We married 6 months later and have been so happy. She is the best woman in the world. WE did everything together. 




She changed jobs about 9 months ago and hates it. So much pressure there. She works about 11-12 hours a day and doesnt normally get home to 8-9m each day. So I have going to get the boys at school ( we kept them in their school about (30mins away). I would bring them home cooked dinner, help with homework, bed, did laundry ect everyday my wife worked. It was a GREAT relationship. I must mention my wife is an very strong and indepanant person. Also her ex had remmaried a tattoed, motorcycle woman that her kids hated. They have since divorced themselves. The dad hardly sees the boys and went 6 months without even a phone call. He recently stared to see them again, not often tho. 


About 3 weeks ago I noticed a change in my wife..she got very quite and was different. When I asked what was wrong she would say "nothing". About a week ago I finally forced her to tell me she didnt love me anymore and didnt want to be married to me. WHAT? we had as close to a perfect marriage as could be. The next day she sent me a text msg saying she was going back to her ex. By the way..he is having money problems and losing his house to the bank. She also told me last week " whenever you are nice to me, and do things around the house I resnt you and feel more empty them normal". I, shocked...She wont call me...I,ve heard she is with friends and getting an apartment next month. All I ever did was treat her the best I could...did things to help her be more relaxed at home ect. I know she is stressed about the job...I think maybe she thinks if she went back to her ex she could reclaim her other life where she wasnt so stressed and saw her kids more often.. I have heard from friends where she is staying that her ex comes over once inawhile but doesnt stay long. He is not having any contact with his kids when he is there either. My friend said that thte other not my wife hugged him and he kept his hands in his pocket and only hugged her when she asked him to.

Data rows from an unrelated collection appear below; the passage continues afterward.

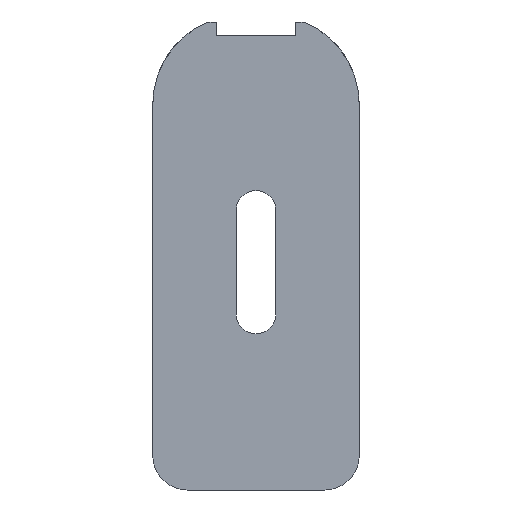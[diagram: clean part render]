
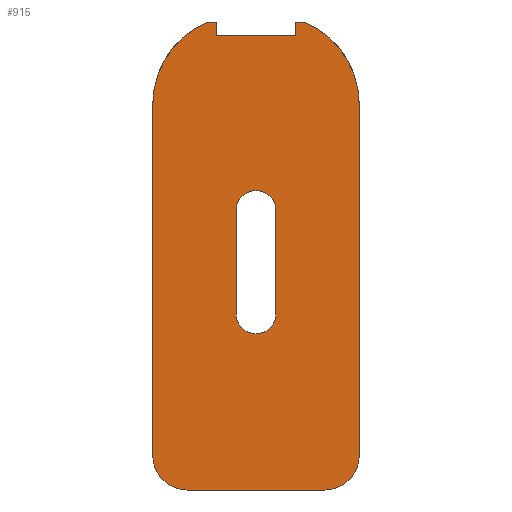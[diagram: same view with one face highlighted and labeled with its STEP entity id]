
A CAD part, front view. The second image highlights one B-rep face of the part: STEP entity #915.
In plain terms, the highlighted planar face has unit normal (0, -1, 0).
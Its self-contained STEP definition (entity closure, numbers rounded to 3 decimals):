
#24 = LINE ( 'NONE', #573, #168 ) ;
#28 = DIRECTION ( 'NONE',  ( 1., 0., 0. ) ) ;
#32 = CARTESIAN_POINT ( 'NONE',  ( -2.9, 0., 6.6 ) ) ;
#39 = ORIENTED_EDGE ( 'NONE', *, *, #748, .T. ) ;
#74 = DIRECTION ( 'NONE',  ( 0., -1., 0. ) ) ;
#86 = CARTESIAN_POINT ( 'NONE',  ( 15., 0., 22. ) ) ;
#94 = ORIENTED_EDGE ( 'NONE', *, *, #1219, .F. ) ;
#96 = LINE ( 'NONE', #1454, #264 ) ;
#102 = VERTEX_POINT ( 'NONE', #391 ) ;
#103 = CARTESIAN_POINT ( 'NONE',  ( 0., 0., 6.6 ) ) ;
#110 = VERTEX_POINT ( 'NONE', #1403 ) ;
#113 = DIRECTION ( 'NONE',  ( 0., 0., 1. ) ) ;
#127 = EDGE_CURVE ( 'NONE', #558, #360, #1394, .T. ) ;
#130 = LINE ( 'NONE', #262, #936 ) ;
#166 = CARTESIAN_POINT ( 'NONE',  ( 0., 0., -8.4 ) ) ;
#168 = VECTOR ( 'NONE', #1157, 1000. ) ;
#171 = VECTOR ( 'NONE', #1199, 1000. ) ;
#186 = VERTEX_POINT ( 'NONE', #863 ) ;
#198 = VERTEX_POINT ( 'NONE', #767 ) ;
#213 = CIRCLE ( 'NONE', #1153, 13. ) ;
#216 = VERTEX_POINT ( 'NONE', #277 ) ;
#229 = EDGE_CURVE ( 'NONE', #1423, #984, #1130, .T. ) ;
#232 = CARTESIAN_POINT ( 'NONE',  ( -10., 0., -29. ) ) ;
#239 = CIRCLE ( 'NONE', #430, 13. ) ;
#249 = EDGE_CURVE ( 'NONE', #305, #894, #239, .T. ) ;
#262 = CARTESIAN_POINT ( 'NONE',  ( -5.75, 0., 32. ) ) ;
#264 = VECTOR ( 'NONE', #113, 1000. ) ;
#269 = DIRECTION ( 'NONE',  ( 0., 1., 0. ) ) ;
#270 = AXIS2_PLACEMENT_3D ( 'NONE', #166, #1399, #400 ) ;
#276 = CARTESIAN_POINT ( 'NONE',  ( -2.9, 0., -8.4 ) ) ;
#277 = CARTESIAN_POINT ( 'NONE',  ( 0., 0., 9.5 ) ) ;
#296 = CARTESIAN_POINT ( 'NONE',  ( -5.75, 0., 34. ) ) ;
#299 = ORIENTED_EDGE ( 'NONE', *, *, #864, .T. ) ;
#305 = VERTEX_POINT ( 'NONE', #86 ) ;
#306 = CARTESIAN_POINT ( 'NONE',  ( -5.75, 0., 34. ) ) ;
#310 = VECTOR ( 'NONE', #1217, 1000. ) ;
#324 = VERTEX_POINT ( 'NONE', #865 ) ;
#339 = CARTESIAN_POINT ( 'NONE',  ( -15., 0., 34. ) ) ;
#347 = EDGE_CURVE ( 'NONE', #216, #102, #1226, .T. ) ;
#348 = ORIENTED_EDGE ( 'NONE', *, *, #656, .T. ) ;
#352 = AXIS2_PLACEMENT_3D ( 'NONE', #1141, #1012, #1234 ) ;
#360 = VERTEX_POINT ( 'NONE', #1286 ) ;
#382 = VECTOR ( 'NONE', #744, 1000. ) ;
#389 = LINE ( 'NONE', #306, #641 ) ;
#390 = DIRECTION ( 'NONE',  ( 0., 0., -1. ) ) ;
#391 = CARTESIAN_POINT ( 'NONE',  ( 2.9, 0., 6.6 ) ) ;
#396 = DIRECTION ( 'NONE',  ( 0., 0., 1. ) ) ;
#400 = DIRECTION ( 'NONE',  ( 0., 0., 1. ) ) ;
#421 = EDGE_CURVE ( 'NONE', #1081, #562, #678, .T. ) ;
#429 = CIRCLE ( 'NONE', #757, 5. ) ;
#430 = AXIS2_PLACEMENT_3D ( 'NONE', #515, #837, #925 ) ;
#443 = ORIENTED_EDGE ( 'NONE', *, *, #461, .T. ) ;
#461 = EDGE_CURVE ( 'NONE', #562, #913, #130, .T. ) ;
#515 = CARTESIAN_POINT ( 'NONE',  ( 2., 0., 22. ) ) ;
#541 = VECTOR ( 'NONE', #28, 1000. ) ;
#554 = DIRECTION ( 'NONE',  ( 0., 1., 0. ) ) ;
#558 = VERTEX_POINT ( 'NONE', #611 ) ;
#562 = VERTEX_POINT ( 'NONE', #1051 ) ;
#568 = EDGE_CURVE ( 'NONE', #324, #198, #213, .T. ) ;
#573 = CARTESIAN_POINT ( 'NONE',  ( -15., 0., 34. ) ) ;
#576 = FACE_OUTER_BOUND ( 'NONE', #1431, .T. ) ;
#583 = VERTEX_POINT ( 'NONE', #296 ) ;
#590 = DIRECTION ( 'NONE',  ( 0., 0., -1. ) ) ;
#597 = AXIS2_PLACEMENT_3D ( 'NONE', #652, #269, #1163 ) ;
#606 = ORIENTED_EDGE ( 'NONE', *, *, #127, .T. ) ;
#611 = CARTESIAN_POINT ( 'NONE',  ( 10., 0., -34. ) ) ;
#615 = ORIENTED_EDGE ( 'NONE', *, *, #421, .T. ) ;
#627 = EDGE_CURVE ( 'NONE', #305, #360, #1296, .T. ) ;
#638 = DIRECTION ( 'NONE',  ( -1., 0., 0. ) ) ;
#641 = VECTOR ( 'NONE', #396, 1000. ) ;
#652 = CARTESIAN_POINT ( 'NONE',  ( 0., 0., 6.6 ) ) ;
#656 = EDGE_CURVE ( 'NONE', #913, #583, #389, .T. ) ;
#678 = LINE ( 'NONE', #872, #1183 ) ;
#684 = LINE ( 'NONE', #339, #310 ) ;
#710 = DIRECTION ( 'NONE',  ( -1., 0., 0. ) ) ;
#720 = EDGE_CURVE ( 'NONE', #984, #1161, #96, .T. ) ;
#733 = CARTESIAN_POINT ( 'NONE',  ( 15., 0., 34. ) ) ;
#744 = DIRECTION ( 'NONE',  ( 0., 0., -1. ) ) ;
#748 = EDGE_CURVE ( 'NONE', #102, #1423, #888, .T. ) ;
#751 = ORIENTED_EDGE ( 'NONE', *, *, #1311, .F. ) ;
#757 = AXIS2_PLACEMENT_3D ( 'NONE', #232, #896, #590 ) ;
#767 = CARTESIAN_POINT ( 'NONE',  ( -15., 0., 22. ) ) ;
#782 = EDGE_CURVE ( 'NONE', #1161, #216, #1107, .T. ) ;
#783 = ORIENTED_EDGE ( 'NONE', *, *, #720, .T. ) ;
#803 = ORIENTED_EDGE ( 'NONE', *, *, #627, .F. ) ;
#808 = LINE ( 'NONE', #1026, #541 ) ;
#821 = CARTESIAN_POINT ( 'NONE',  ( 2.9, 0., -8.4 ) ) ;
#837 = DIRECTION ( 'NONE',  ( 0., -1., 0. ) ) ;
#847 = ORIENTED_EDGE ( 'NONE', *, *, #1395, .F. ) ;
#863 = CARTESIAN_POINT ( 'NONE',  ( -15., 0., -29. ) ) ;
#864 = EDGE_CURVE ( 'NONE', #186, #110, #429, .T. ) ;
#865 = CARTESIAN_POINT ( 'NONE',  ( -7., 0., 34. ) ) ;
#870 = DIRECTION ( 'NONE',  ( 0., 0., 1. ) ) ;
#872 = CARTESIAN_POINT ( 'NONE',  ( 5.75, 0., 34. ) ) ;
#881 = CARTESIAN_POINT ( 'NONE',  ( 2.9, 0., -8.4 ) ) ;
#887 = ORIENTED_EDGE ( 'NONE', *, *, #782, .T. ) ;
#888 = LINE ( 'NONE', #881, #171 ) ;
#894 = VERTEX_POINT ( 'NONE', #1239 ) ;
#896 = DIRECTION ( 'NONE',  ( 0., -1., 0. ) ) ;
#913 = VERTEX_POINT ( 'NONE', #1018 ) ;
#915 = ADVANCED_FACE ( 'NONE', ( #576, #1363 ), #1257, .T. ) ;
#919 = ORIENTED_EDGE ( 'NONE', *, *, #568, .T. ) ;
#925 = DIRECTION ( 'NONE',  ( 0., 0., 1. ) ) ;
#926 = CARTESIAN_POINT ( 'NONE',  ( 5.75, 0., 34. ) ) ;
#936 = VECTOR ( 'NONE', #710, 1000. ) ;
#937 = CARTESIAN_POINT ( 'NONE',  ( -2., 0., 22. ) ) ;
#959 = ORIENTED_EDGE ( 'NONE', *, *, #1436, .F. ) ;
#973 = ORIENTED_EDGE ( 'NONE', *, *, #229, .T. ) ;
#984 = VERTEX_POINT ( 'NONE', #276 ) ;
#1012 = DIRECTION ( 'NONE',  ( 0., -1., 0. ) ) ;
#1018 = CARTESIAN_POINT ( 'NONE',  ( -5.75, 0., 32. ) ) ;
#1026 = CARTESIAN_POINT ( 'NONE',  ( -15., 0., 34. ) ) ;
#1051 = CARTESIAN_POINT ( 'NONE',  ( 5.75, 0., 32. ) ) ;
#1064 = AXIS2_PLACEMENT_3D ( 'NONE', #1085, #74, #1422 ) ;
#1079 = CARTESIAN_POINT ( 'NONE',  ( -15., 0., -34. ) ) ;
#1081 = VERTEX_POINT ( 'NONE', #926 ) ;
#1085 = CARTESIAN_POINT ( 'NONE',  ( 10., 0., -29. ) ) ;
#1095 = ORIENTED_EDGE ( 'NONE', *, *, #347, .T. ) ;
#1098 = LINE ( 'NONE', #1079, #1298 ) ;
#1107 = CIRCLE ( 'NONE', #1222, 2.9 ) ;
#1130 = CIRCLE ( 'NONE', #270, 2.9 ) ;
#1140 = EDGE_LOOP ( 'NONE', ( #973, #783, #887, #1095, #39 ) ) ;
#1141 = CARTESIAN_POINT ( 'NONE',  ( 0., 0., 0. ) ) ;
#1153 = AXIS2_PLACEMENT_3D ( 'NONE', #937, #1396, #390 ) ;
#1157 = DIRECTION ( 'NONE',  ( 0., 0., 1. ) ) ;
#1161 = VERTEX_POINT ( 'NONE', #32 ) ;
#1163 = DIRECTION ( 'NONE',  ( 0., 0., 1. ) ) ;
#1183 = VECTOR ( 'NONE', #1221, 1000. ) ;
#1199 = DIRECTION ( 'NONE',  ( 0., 0., -1. ) ) ;
#1217 = DIRECTION ( 'NONE',  ( 1., 0., 0. ) ) ;
#1219 = EDGE_CURVE ( 'NONE', #324, #583, #808, .T. ) ;
#1221 = DIRECTION ( 'NONE',  ( 0., 0., -1. ) ) ;
#1222 = AXIS2_PLACEMENT_3D ( 'NONE', #103, #554, #870 ) ;
#1226 = CIRCLE ( 'NONE', #597, 2.9 ) ;
#1234 = DIRECTION ( 'NONE',  ( 0., 0., -1. ) ) ;
#1239 = CARTESIAN_POINT ( 'NONE',  ( 7., 0., 34. ) ) ;
#1255 = ORIENTED_EDGE ( 'NONE', *, *, #249, .T. ) ;
#1257 = PLANE ( 'NONE',  #352 ) ;
#1286 = CARTESIAN_POINT ( 'NONE',  ( 15., 0., -29. ) ) ;
#1296 = LINE ( 'NONE', #733, #382 ) ;
#1298 = VECTOR ( 'NONE', #638, 1000. ) ;
#1311 = EDGE_CURVE ( 'NONE', #186, #198, #24, .T. ) ;
#1363 = FACE_BOUND ( 'NONE', #1140, .T. ) ;
#1394 = CIRCLE ( 'NONE', #1064, 5. ) ;
#1395 = EDGE_CURVE ( 'NONE', #1081, #894, #684, .T. ) ;
#1396 = DIRECTION ( 'NONE',  ( 0., -1., 0. ) ) ;
#1399 = DIRECTION ( 'NONE',  ( 0., 1., 0. ) ) ;
#1403 = CARTESIAN_POINT ( 'NONE',  ( -10., 0., -34. ) ) ;
#1422 = DIRECTION ( 'NONE',  ( 0., 0., -1. ) ) ;
#1423 = VERTEX_POINT ( 'NONE', #821 ) ;
#1431 = EDGE_LOOP ( 'NONE', ( #751, #299, #959, #606, #803, #1255, #847, #615, #443, #348, #94, #919 ) ) ;
#1436 = EDGE_CURVE ( 'NONE', #558, #110, #1098, .T. ) ;
#1454 = CARTESIAN_POINT ( 'NONE',  ( -2.9, 0., -8.4 ) ) ;

I need advise...What happened...I cant eat or sleep..I just want my wonderful wife home


----------



## draconis (Oct 3, 2007)

Well your wife has a lot of baggage and wants her bad boy but the stability of you from the sounds of it. It would also appear that since she is who she is that she will break your heart over and over again. She isn't perfect and neither is your marriage. Instead of being thankful for what you do, she resents that she can't or doesn't do the things herself. 

Although you might be the best man for her children in the end they are not your and she can easily keep them from you.

One issue you have is being to clingy from the sounds of it.

Best advise, let her go. She needs or wants her freedom, she is always hurting you, and blames you so she carries no guilt of any of it.

draconis


----------



## GAsoccerman (Mar 24, 2008)

:iagree: with drac.

Sounds like you and her ex are opposites, You are the nice guy, all together, very nice, not a train wreck.

He is the wild boy, train wreck, the "fun loose cannon type".

I think she needs counseling first of all. But I also think you need to be a bit "looser, wilder" for her. She may feel you are too good for her and that is why she resents you.

She will be back in due time, seems her ex is being decent and not trying to take advantage of the situation, maybe you need to talk to him and see what is going on.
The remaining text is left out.